Bankroll Management for Sports Bettors
Bankroll management is the difference between long-term losing and long-term surviving. Even a skilled bettor with a 55% win rate will go bust if they stake too much per wager. Here's the framework professionals use.
Define your bankroll
Your bankroll is money set aside specifically for betting, separate from rent, savings, and discretionary spending. Treat it like an investment account: once funded, you don't add more for at least the season. A common starting bankroll is one week's discretionary income; typically $200-$2,000 depending on your situation.
Standard unit sizing
A "unit" is 1-2% of your bankroll. On a $1,000 bankroll, one unit = $10-20. Standard recreational bets are 1 unit. Strong opinion bets are 2-3 units. Never bet more than 5 units on a single wager regardless of confidence; variance will eventually break you.
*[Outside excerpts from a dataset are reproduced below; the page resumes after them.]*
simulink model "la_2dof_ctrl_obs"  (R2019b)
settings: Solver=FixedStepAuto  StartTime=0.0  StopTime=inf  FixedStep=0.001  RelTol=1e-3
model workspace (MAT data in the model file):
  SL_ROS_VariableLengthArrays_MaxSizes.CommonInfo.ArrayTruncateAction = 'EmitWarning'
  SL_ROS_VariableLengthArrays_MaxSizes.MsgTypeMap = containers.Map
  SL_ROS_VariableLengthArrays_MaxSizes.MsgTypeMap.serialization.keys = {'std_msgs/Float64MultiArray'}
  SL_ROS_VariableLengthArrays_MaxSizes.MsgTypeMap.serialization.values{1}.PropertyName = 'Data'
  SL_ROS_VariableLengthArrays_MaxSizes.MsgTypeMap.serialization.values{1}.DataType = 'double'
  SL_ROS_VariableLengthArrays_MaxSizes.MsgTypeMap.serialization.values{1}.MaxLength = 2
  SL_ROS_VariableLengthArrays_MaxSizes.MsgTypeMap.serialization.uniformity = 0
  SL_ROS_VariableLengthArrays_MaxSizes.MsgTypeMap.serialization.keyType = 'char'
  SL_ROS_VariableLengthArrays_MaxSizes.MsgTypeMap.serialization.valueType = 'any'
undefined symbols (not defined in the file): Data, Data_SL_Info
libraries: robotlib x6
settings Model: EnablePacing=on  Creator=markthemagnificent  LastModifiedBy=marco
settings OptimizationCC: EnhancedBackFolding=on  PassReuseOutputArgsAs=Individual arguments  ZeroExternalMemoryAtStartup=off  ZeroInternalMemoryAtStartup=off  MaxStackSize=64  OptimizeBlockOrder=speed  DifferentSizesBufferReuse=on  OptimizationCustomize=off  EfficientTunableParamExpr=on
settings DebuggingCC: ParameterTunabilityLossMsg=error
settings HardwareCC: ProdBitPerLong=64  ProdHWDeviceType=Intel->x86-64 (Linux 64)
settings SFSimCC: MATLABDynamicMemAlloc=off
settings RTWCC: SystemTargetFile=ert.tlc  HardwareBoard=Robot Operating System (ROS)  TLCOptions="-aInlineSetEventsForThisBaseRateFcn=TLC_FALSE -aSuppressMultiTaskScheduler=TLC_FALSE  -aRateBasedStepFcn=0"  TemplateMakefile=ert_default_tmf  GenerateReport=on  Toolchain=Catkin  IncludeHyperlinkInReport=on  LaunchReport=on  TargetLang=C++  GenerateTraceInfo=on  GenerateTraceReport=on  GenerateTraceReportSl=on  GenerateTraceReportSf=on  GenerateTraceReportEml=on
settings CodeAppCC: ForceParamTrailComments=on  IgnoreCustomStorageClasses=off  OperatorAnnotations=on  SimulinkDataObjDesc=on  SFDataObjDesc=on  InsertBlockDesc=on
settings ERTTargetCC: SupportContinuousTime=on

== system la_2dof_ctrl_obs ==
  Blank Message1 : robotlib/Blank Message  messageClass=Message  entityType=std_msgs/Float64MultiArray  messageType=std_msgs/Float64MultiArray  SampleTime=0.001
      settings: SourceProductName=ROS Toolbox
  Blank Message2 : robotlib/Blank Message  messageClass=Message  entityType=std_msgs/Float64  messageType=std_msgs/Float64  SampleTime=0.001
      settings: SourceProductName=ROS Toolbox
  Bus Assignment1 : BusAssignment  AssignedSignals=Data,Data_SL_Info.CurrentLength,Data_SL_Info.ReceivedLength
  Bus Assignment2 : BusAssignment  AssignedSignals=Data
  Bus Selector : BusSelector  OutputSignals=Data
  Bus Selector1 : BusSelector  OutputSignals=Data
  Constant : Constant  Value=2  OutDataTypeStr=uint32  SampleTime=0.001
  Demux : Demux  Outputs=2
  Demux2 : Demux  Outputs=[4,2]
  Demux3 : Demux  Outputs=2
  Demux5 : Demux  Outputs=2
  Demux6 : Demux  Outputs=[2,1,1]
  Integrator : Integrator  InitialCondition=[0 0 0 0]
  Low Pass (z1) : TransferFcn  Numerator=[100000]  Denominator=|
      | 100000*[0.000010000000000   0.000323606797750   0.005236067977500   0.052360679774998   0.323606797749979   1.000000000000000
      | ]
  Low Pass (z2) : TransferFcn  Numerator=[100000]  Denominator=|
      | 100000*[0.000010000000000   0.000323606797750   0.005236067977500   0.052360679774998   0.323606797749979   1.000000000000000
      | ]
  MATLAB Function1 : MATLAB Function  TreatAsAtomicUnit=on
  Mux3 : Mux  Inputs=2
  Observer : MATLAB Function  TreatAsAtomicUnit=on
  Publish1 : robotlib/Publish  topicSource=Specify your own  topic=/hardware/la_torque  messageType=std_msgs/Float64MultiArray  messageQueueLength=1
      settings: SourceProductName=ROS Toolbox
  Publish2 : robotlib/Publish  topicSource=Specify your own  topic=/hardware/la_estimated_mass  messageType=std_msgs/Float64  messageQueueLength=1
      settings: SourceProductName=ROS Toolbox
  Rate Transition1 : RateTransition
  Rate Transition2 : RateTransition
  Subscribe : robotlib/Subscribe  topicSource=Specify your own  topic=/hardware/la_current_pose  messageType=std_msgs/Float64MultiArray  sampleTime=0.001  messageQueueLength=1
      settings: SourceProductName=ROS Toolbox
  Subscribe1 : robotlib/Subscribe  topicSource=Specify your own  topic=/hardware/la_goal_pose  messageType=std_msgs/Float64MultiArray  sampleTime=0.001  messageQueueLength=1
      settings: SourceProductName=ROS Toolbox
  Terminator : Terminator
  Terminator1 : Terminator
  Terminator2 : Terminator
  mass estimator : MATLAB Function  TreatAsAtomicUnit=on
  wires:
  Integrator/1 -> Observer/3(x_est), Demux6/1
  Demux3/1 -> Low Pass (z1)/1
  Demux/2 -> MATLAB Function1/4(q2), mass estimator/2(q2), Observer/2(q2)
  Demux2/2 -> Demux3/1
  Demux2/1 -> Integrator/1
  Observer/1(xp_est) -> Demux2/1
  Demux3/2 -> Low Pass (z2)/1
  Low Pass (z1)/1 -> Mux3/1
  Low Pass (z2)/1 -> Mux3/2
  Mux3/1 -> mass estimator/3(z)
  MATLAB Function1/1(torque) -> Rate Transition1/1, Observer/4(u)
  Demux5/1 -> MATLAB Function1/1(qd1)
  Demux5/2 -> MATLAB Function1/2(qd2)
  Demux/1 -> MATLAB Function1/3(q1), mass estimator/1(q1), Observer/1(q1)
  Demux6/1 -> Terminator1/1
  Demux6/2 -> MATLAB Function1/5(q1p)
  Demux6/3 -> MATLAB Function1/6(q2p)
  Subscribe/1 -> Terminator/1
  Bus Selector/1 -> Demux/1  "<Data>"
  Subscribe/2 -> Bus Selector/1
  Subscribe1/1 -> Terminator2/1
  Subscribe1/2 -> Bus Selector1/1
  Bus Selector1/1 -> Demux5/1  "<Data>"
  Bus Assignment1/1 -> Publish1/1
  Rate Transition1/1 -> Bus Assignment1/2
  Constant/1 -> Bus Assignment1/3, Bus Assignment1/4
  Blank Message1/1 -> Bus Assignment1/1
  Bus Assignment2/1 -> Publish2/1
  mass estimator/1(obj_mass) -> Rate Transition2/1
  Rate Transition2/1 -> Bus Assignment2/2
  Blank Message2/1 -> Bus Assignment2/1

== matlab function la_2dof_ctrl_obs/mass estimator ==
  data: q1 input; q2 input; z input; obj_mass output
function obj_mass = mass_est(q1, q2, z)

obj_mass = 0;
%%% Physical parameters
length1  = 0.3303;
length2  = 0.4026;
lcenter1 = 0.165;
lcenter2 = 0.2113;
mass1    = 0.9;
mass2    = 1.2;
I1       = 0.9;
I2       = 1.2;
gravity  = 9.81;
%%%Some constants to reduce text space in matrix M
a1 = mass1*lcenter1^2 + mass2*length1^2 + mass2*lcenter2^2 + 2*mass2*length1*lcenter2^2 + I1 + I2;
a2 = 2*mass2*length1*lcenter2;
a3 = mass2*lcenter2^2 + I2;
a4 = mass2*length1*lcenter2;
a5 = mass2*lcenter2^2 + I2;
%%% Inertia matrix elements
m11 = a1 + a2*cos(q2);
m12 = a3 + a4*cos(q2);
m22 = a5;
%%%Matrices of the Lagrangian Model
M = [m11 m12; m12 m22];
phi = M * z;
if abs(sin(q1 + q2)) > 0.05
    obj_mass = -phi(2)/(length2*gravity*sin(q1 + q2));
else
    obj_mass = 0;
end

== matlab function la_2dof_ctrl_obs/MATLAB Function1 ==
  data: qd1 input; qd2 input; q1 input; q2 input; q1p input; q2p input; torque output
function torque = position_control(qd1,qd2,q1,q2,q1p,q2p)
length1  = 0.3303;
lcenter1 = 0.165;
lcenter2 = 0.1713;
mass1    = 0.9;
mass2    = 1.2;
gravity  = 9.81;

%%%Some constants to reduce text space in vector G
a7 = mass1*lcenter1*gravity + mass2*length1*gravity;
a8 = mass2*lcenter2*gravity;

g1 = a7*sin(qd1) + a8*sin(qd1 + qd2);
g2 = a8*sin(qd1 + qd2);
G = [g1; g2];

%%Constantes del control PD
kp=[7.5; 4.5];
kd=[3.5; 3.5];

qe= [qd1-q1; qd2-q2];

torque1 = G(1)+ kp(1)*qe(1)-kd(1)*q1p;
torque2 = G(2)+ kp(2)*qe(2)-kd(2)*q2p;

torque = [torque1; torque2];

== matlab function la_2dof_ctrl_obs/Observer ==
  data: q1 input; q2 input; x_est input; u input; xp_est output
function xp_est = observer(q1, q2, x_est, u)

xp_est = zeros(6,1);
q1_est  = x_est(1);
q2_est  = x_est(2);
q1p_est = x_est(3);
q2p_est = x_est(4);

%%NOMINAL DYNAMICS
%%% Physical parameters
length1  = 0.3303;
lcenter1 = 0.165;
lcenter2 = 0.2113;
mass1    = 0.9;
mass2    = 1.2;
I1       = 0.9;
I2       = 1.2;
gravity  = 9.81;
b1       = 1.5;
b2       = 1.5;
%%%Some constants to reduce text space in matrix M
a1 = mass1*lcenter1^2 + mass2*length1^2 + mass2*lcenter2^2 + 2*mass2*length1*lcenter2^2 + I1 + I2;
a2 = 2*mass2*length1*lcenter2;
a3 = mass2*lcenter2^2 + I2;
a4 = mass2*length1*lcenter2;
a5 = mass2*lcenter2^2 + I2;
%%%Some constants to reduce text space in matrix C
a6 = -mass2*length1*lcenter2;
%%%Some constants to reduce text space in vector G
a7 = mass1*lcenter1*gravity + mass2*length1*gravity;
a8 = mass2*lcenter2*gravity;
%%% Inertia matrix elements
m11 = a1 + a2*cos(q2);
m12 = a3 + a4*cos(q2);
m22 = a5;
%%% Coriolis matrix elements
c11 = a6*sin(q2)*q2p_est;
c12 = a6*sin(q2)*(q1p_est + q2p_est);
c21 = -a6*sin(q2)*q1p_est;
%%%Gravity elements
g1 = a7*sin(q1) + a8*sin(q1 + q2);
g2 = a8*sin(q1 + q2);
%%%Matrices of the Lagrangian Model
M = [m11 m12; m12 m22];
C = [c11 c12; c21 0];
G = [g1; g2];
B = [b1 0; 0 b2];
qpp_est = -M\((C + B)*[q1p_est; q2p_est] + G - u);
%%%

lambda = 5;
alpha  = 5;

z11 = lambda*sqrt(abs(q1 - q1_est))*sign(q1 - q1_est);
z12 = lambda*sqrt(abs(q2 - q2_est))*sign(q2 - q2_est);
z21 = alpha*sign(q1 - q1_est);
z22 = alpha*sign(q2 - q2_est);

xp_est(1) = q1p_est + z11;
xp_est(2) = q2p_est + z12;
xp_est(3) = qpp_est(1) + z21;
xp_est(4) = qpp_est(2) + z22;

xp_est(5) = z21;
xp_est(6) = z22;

Why flat betting beats Martingale
Doubling your stake after every loss (Martingale) feels safe in the short run but mathematically guarantees ruin given enough trials. Flat betting (same stake every wager) is the simplest correct strategy. The Kelly Criterion is the mathematically optimal sizing for advantaged bettors but is too aggressive for most recreational use.
Track every bet
Spreadsheet every wager: date, sport, market, odds, stake, result, profit/loss. Without tracking, you cannot know whether you're actually profitable or whether memory bias is misleading you. Most professional bettors review their full ledger weekly.
Responsible gambling tools
Every licensed Louisiana sportsbook lets you set deposit limits, wager limits, session time-outs, and self-exclusion periods. Use them proactively. If betting stops being fun, take a break; the games will still be there next month.
FAQ
How much should I bet per game?
1-2% of your bankroll per wager is the standard recommendation. On a $500 bankroll, that's $5-$10 per bet.
Should I increase stakes when I'm winning?
You can recalculate units quarterly as your bankroll grows. Avoid mid-streak increases driven by emotion; that's how variance breaks bettors.